I am a fair artist. People think it is a "gift", a born "talent". It is not. I started practicing drawing when I was about four years old. Instead of filling in coloring books I traced the outlines. I asked my parents to show me how to draw a cube. . By the time I was in kindergarten I could draw a nice isometric house shape and using the concepts of isometric lines I added doors, windows and chimneys. Over the years in school I did nothing BUT draw. Back when John Nagy was the hot TV "learn to draw" artist (early 1960's) I had his drawing kits and watched him on TV. I took every chance to be involved in art projects in school. In the third grade I enlarged four scenes from our history book to wall size so that the class could make a mosaic. We did Washington crossing the Delaware and the Surrender at Appotomatox. Those darn squares on the carpet turned diagonaly were a trick. . . and I learned an aspect of applying perspective drawing.

In high school I took drafting (mechanical drawing) and art for three years. I drew all the time in all classes and my grades suffered. My history and biology note books are full of girls faces, guitars and race cars.

When I graduated from HS I could draw charactertures that were a reasonable likness in less than a minute, figure poses in a few more minutes and had painted in every medium and produced sculpture in clay, wood and stone. I spent my senior year making copies of great works in oil, pastel and ink in order to learn from artists of the past. At the same time I read the biographies of all the major artists.

Those drawings in iForge and Paw-Paw's Revolutionary Blacksmith are the result of PRACTICING drawing for nearly 50 years. And the fact is I am woefully out of practice. I can no longer draw figures or faces from my imagination and I would have a hard time starting a painting. I WAS a very good artist but left the field due its social political nature. Today I am just a fair artist. It was not inborn, it was learned over tens of thousands of hours.

My vision as an artist applied to blacksmithing. Forging was very difficult and frustrating at first. But I knew from my art that projects do not "turn out" perfect the time. I was used to making dozens of sketches before I was satisfied. Forging, like drawing takes practice. First pieces are "sketches" that I plan on scraping. It they are right the first time, so much the better, but I never expect it.

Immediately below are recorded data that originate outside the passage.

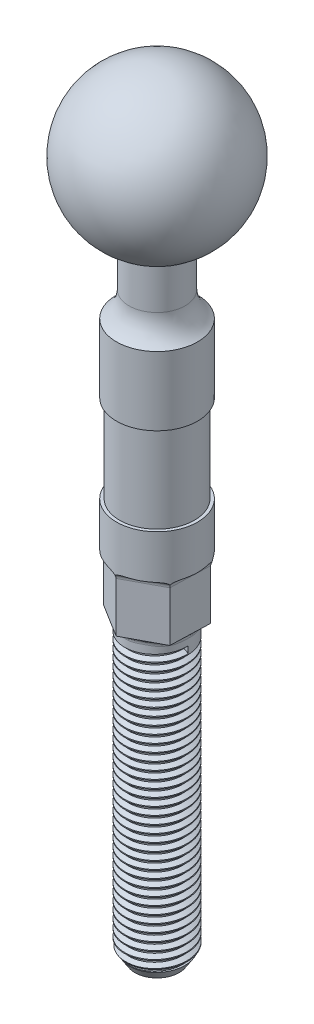
SolidWorks part; units mm, degrees
ref_plane "Front Plane" through (0, 0, 0) normal (0, 0, 1) x (1, 0, 0)
ref_plane "Top Plane" through (0, 0, 0) normal (0, 1, 0) x (1, 0, 0)
ref_plane "Right Plane" through (0, 0, 0) normal (1, 0, 0) x (0, 0, -1)
sketch "Sketch1" plane through (0, 0, 0) normal (0, 0, 1) x (1, 0, 0)
  line L0 (0, 0) -> (0, 25)
  arc A0 (0, 25) -> (0, 0) centre (0, 12.5) cw
  dimension "D1" = 25
revolve "Revolve1" add sketch "Sketch1" angle 360 about L0 region at (5.3052, 12.5, 0) other way angle 360
sketch "Sketch2" plane through (0, 0, 0) normal (0, 1, 0) x (1, 0, 0)
  circle A0 centre (0, 0) radius 4.5
  dimension "D1" = 9
extrude "Boss-Extrude1" add sketch "Sketch2" against normal blind 10 and the other way blind 10
sketch "Sketch3" plane through (0, -10, 0) normal (0, -1, 0) x (1, 0, 0)
  circle A0 centre (0, 0) radius 6.5
  dimension "D1" = 13
extrude "Boss-Extrude2" add sketch "Sketch3" along normal blind 32
fillet "Fillet1" radius 5 1 edges at (0, -10, 4.5)
sketch "Sketch4" plane through (0, 0, 0) normal (0, 0, 1) x (1, 0, 0)
  line L0 (6.5, -42) -> (6.5, -10) construction
  line L1 (6.5, -21) -> (6, -21)
  line L2 (6.5, -21) -> (6.5, -35)
  line L3 (6.5, -35) -> (6, -35)
  line L4 (6, -21) -> (6, -35)
  line L5 (6.5, -10) -> (-6.5, -10) construction
  dimension "D1" = 0.5
  dimension "D2" = 14
  dimension "D3" = 11
revolve "Cut-Revolve1" cut sketch "Sketch4" angle 360 about axis through (0, -42, 0) along (0, 1, 0)
sketch "Sketch5" plane through (0, -42, 0) normal (0, -1, 0) x (1, 0, 0)
  line L1 (5.5996, -2.9964) -> (5.3947, 3.3512)
  line L2 (5.3947, 3.3512) -> (-0.2048, 6.3475)
  line L3 (-0.2048, 6.3475) -> (-5.5996, 2.9964)
  line L4 (-5.5996, 2.9964) -> (-5.3947, -3.3512)
  line L5 (-5.3947, -3.3512) -> (0.2048, -6.3475)
  line L6 (0.2048, -6.3475) -> (5.5996, -2.9964)
  circle A0 centre (0, 0) radius 5.5 construction
extrude "Boss-Extrude3" add sketch "Sketch5" along normal blind 9
fillet "Fillet2" radius 1 6 edges at (2.5949, -42, 4.8494) (5.4971, -42, 0.1774) (2.9022, -42, -4.672) (-2.5949, -42, -4.8494) (-5.4971, -42, -0.1774) (-2.9022, -42, 4.672)
sketch "Sketch6" plane through (0, -51, 0) normal (0, -1, 0) x (1, 0, 0)
  circle A0 centre (0, 0) radius 5
  dimension "D1" = 10
extrude "Boss-Extrude4" add sketch "Sketch6" along normal blind 48
fillet "Fillet3" radius 1 1 edges at (0, -51, -5)
thread "Thread1" pitch 1.25 method cut profile "Thread Profile1" start angle 0, offset 0, length 45, pitch 1.25, diameter 10
ref_plane "Plane1" through (5, -99, 0) normal (0, 0, 1) x (1, 0, 0)
sketch "Thread Profile1" plane through (5, -99, 0) normal (0, 0, 1) x (1, 0, 0)
  line L0 (0, 0) -> (0, 1.25) construction
  line L11 (0, 0) -> (0, 1.0937)
  line L12 (0, 1.0937) -> (-0.6766, 0.7031)
  line L13 (-0.6766, 0.7031) -> (-0.6766, 0.3906)
  line L15 (-0.6766, 0.3906) -> (0, 0)
  line L17 (-0.6766, 0.5469) -> (0, 0.5469) construction
  point P2 (0, 0)
  dimension "Pitch" = 1.25
  dimension "Profile_Angle" = 60
  dimension "Profile_Land" = 0.3125
  dimension "Profile_Height" = 0.6766
sketch "Sketch11" plane through (0, 0, 0) normal (0, 0, 1) x (1, 0, 0)
  line L0 (2.8916, -100.025) -> (7.4892, -92.8533)
  line L1 (7.4892, -92.8533) -> (7.0429, -102.5694)
  line L2 (7.0429, -102.5694) -> (2.8916, -100.025)
revolve "Cut-Revolve2" cut sketch "Sketch11" angle 360 about axis through (0, -99, 0) along (0, 1, 0)

Besides spending years drawing I did more of the "typical" childhood things than most. I built tree houses (lots of hammering) and soapbox racers (more hammering and LOTS of filing and sanding). These things gave me skills to apply to sculpture and later blacksmithing and to learning any hand skill.

Years later my son wanted to build a guitar. I told him I would teach him how. He gave me one of those "Your crazy as. . ." looks.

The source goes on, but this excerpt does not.